Please note there are overlaps between cases and controls between phenotypes, these are described in the paper and its supplemental methods.

1. LifetimeMDD - Lifetime MDD derived with DSM-V symptom and impairment criteria using the PHQ-9 questionnaire in the Online Mental Health follow-up in UKBiobank

2. MDDRecur - Lifetime MDD with recurrence derived with DSM-V symptom and impairment criteria using the PHQ-9 questionnaire in the Online Mental Health follow-up in UKBiobank, with additional criteria on recurrence

3. GPpsy - Having gone to a General Practitioner (GP) for nerves, anxiety, tension or depression, answered in the touchscreen interview in UKBiobank. Please note this is the most similar phenotype to "Broad Depression" introduced in Howard et al 2018 Nature Communications (doi:10.1038/s41467-018-03819-3)
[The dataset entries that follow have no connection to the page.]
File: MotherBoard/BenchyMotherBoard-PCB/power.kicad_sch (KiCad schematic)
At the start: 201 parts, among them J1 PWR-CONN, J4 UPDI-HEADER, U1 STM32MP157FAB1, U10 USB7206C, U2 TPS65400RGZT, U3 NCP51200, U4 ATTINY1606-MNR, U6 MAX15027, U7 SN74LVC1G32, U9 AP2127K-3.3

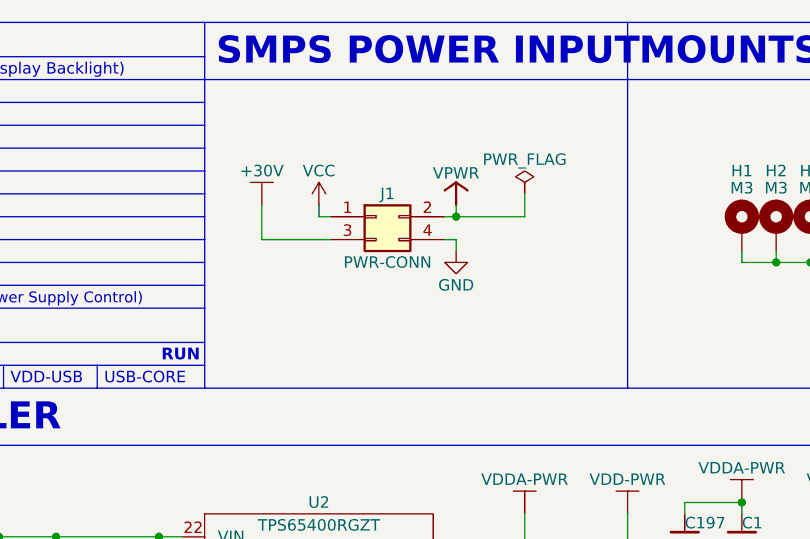
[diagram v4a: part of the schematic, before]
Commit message: Add extra functions to PMBus and create manual power sequence
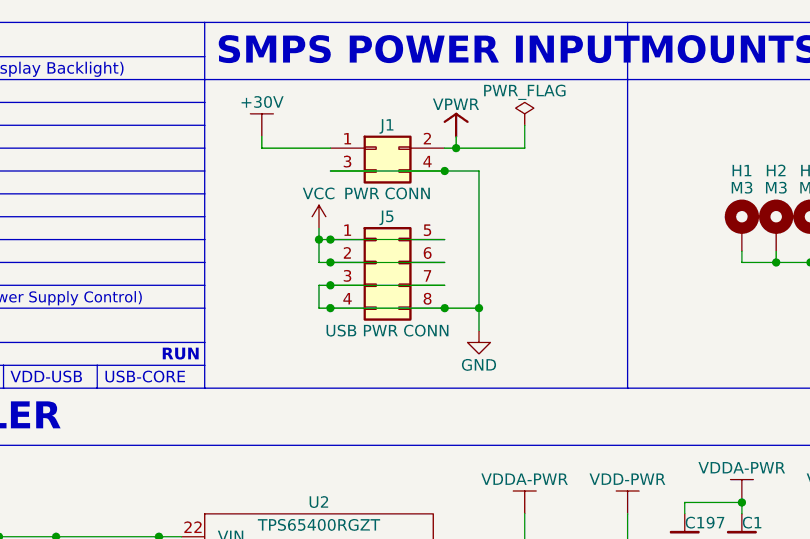
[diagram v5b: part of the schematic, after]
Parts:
- added J5: USB PWR CONN, Daxxn_Connectors:8-Pin_Molex_Mini-Fit_Jr_Vertical_Mount, symbol Connector_Generic:Conn_02x04_Top_Bottom
- J1: value PWR-CONN -> PWR CONN
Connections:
- net +30V: now also J1.1 (Pin_1); no longer J1.3 (Pin_3)
- net GND: now also J1.3 (Pin_3), J5.3 (Pin_3), J5.4 (Pin_4), J5.7 (Pin_7), J5.8 (Pin_8)
- net VCC: now also J5.1 (Pin_1), J5.2 (Pin_2), J5.5 (Pin_5), J5.6 (Pin_6); no longer J1.1 (Pin_1)
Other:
- moved on the sheet: J1

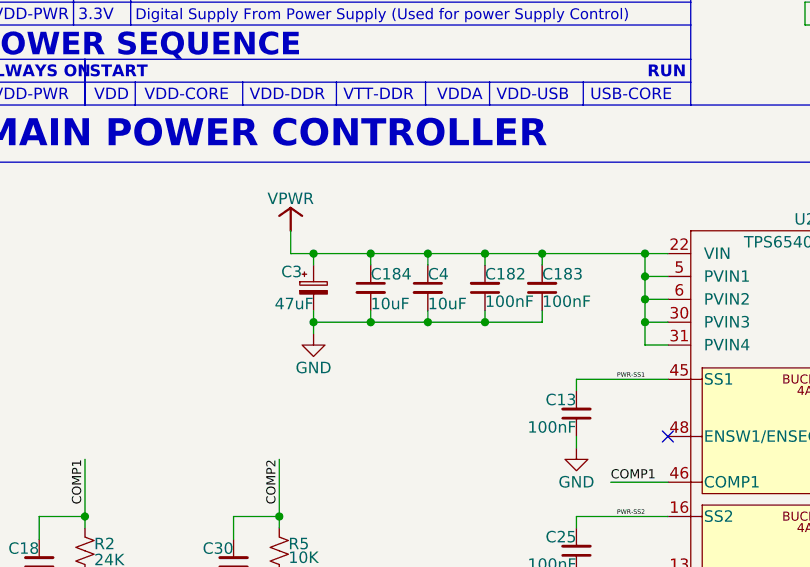
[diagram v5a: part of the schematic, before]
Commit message: Finish trace layout and update PS fb resistor values
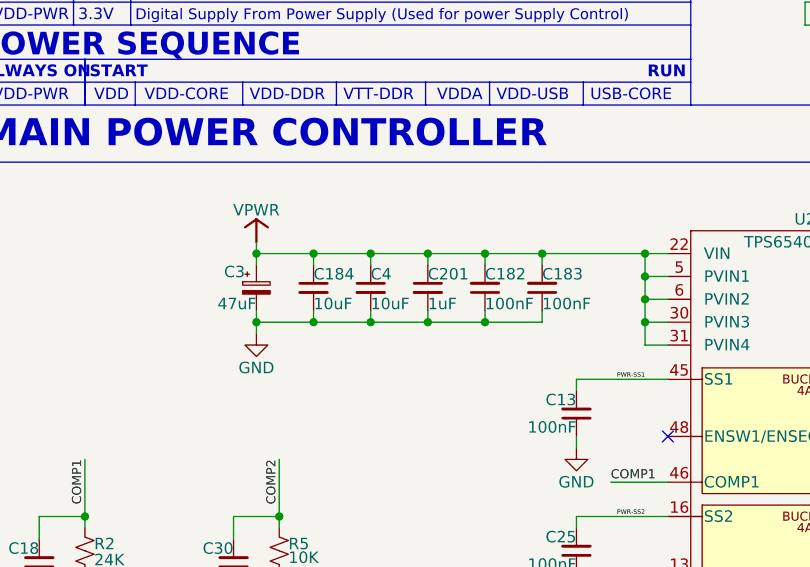
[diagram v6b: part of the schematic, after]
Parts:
- added C201: 1uF, Capacitor_SMD:C_0805_2012Metric, symbol Device:C_Small
- C3: footprint Capacitor_SMD:CP_Elec_6.3x7.7 -> Capacitor_Tantalum_SMD:CP_EIA-7343-15_Kemet-W
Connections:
- net GND: now also C201.2
- net VPWR: now also C201.1
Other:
- moved on the sheet: C184, C3, C4

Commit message: (!!WIP!!) Started schematic and block diagram
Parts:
- removed C194: 1uF, Capacitor_SMD:C_0603_1608Metric, symbol Device:C_Small
- removed C198, C71, C72, C74: 100nF, Capacitor_SMD:C_0402_1005Metric, symbol Device:C_Small
- removed D21: BZX584C3V3_R1, Diode_SMD:D_SOD-523, symbol Daxxn_Device:D_Zener
- removed J4: UPDI-HEADER, Connector_PinHeader_2.54mm:PinHeader_1x03_P2.54mm_Vertical, symbol Connector_Generic:Conn_01x03
- removed JP1: PWR-ICSP-RST, Connector_PinHeader_2.54mm:PinHeader_1x02_P2.54mm_Vertical, symbol Jumper:Jumper_2_Open
- removed R27, R41: 1K, Resistor_SMD:R_0402_1005Metric, symbol Device:R_Small_US
- removed R3, R32: 22K, Resistor_SMD:R_0402_1005Metric, symbol Device:R_Small_US
- removed R30: 10K, Resistor_SMD:R_0402_1005Metric, symbol Device:R_Small_US
- removed S1: PWR-SW, Daxxn_Switches:SW_Push_7-PR, symbol Daxxn_Buttons:GENERIC-SWITCH-2P-M
- removed S2: PWR-RESET, Daxxn_Switches:TL3365AF180QG, symbol Daxxn_Buttons:GENERIC-SWITCH-2P
- removed U1: STM32MP157FAB1, Daxxn_Packages:LFBGA354-P0.8mm-STM32MP157F, symbol Daxxn_MicroProcessors:STM32MP157FAB1
- removed U4: ATTINY1606-MNR, Daxxn_Packages:QFN-20-1EP_3x3mm_P0.4mm_EP1.5x1.5mm, symbol Daxxn_MicroControllers:ATTINY1606-MNR
- removed U7: SN74LVC1G32, Package_TO_SOT_SMD:SOT-23-5, symbol Daxxn_Logic:SN74LVC1G32
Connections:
- no-connect marks 10 -> 6
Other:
- moved on the sheet: C10, C11, C185, C186, C187, C188, C189, C19, C190, C191, C192, C193

4. Psypsy - Having gone to a psychiatrist for nerves, anxiety, tension or depression, answered in the touchscreen interview in UKBiobank

5. DepAll - Having either of the two cardinal symptoms for MDD (low mood or anhedonia) for more than two weeks in addition to having gone to either the GP or psychiatrist for nerves, anxiety, tension or depression, answered in the touchscreen interview in UKBiobank. Please note phenotype is first introduced as "Probable Depression" in Smith et al 2013 PloS One (doi:10.1371/journal.pone.0075362.s001), and the most similar phenotype to "Probable Depression" introduced in Howard et al 2018 Nature Communications (doi:10.1038/s41467-018-03819-3)

6. GPNoDep - Having gone to the GP for nerves, anxiety, tension or depression, but did not report having cardinal symptoms of MDD in the touchscreen interview in UKBiobank.

7. SelfRepDep - Self-reported depression or depression symptoms described to a trained nurse during verbal interview of medical conditions, classified under "Non-cancer illness" in the UKBiobank dataset.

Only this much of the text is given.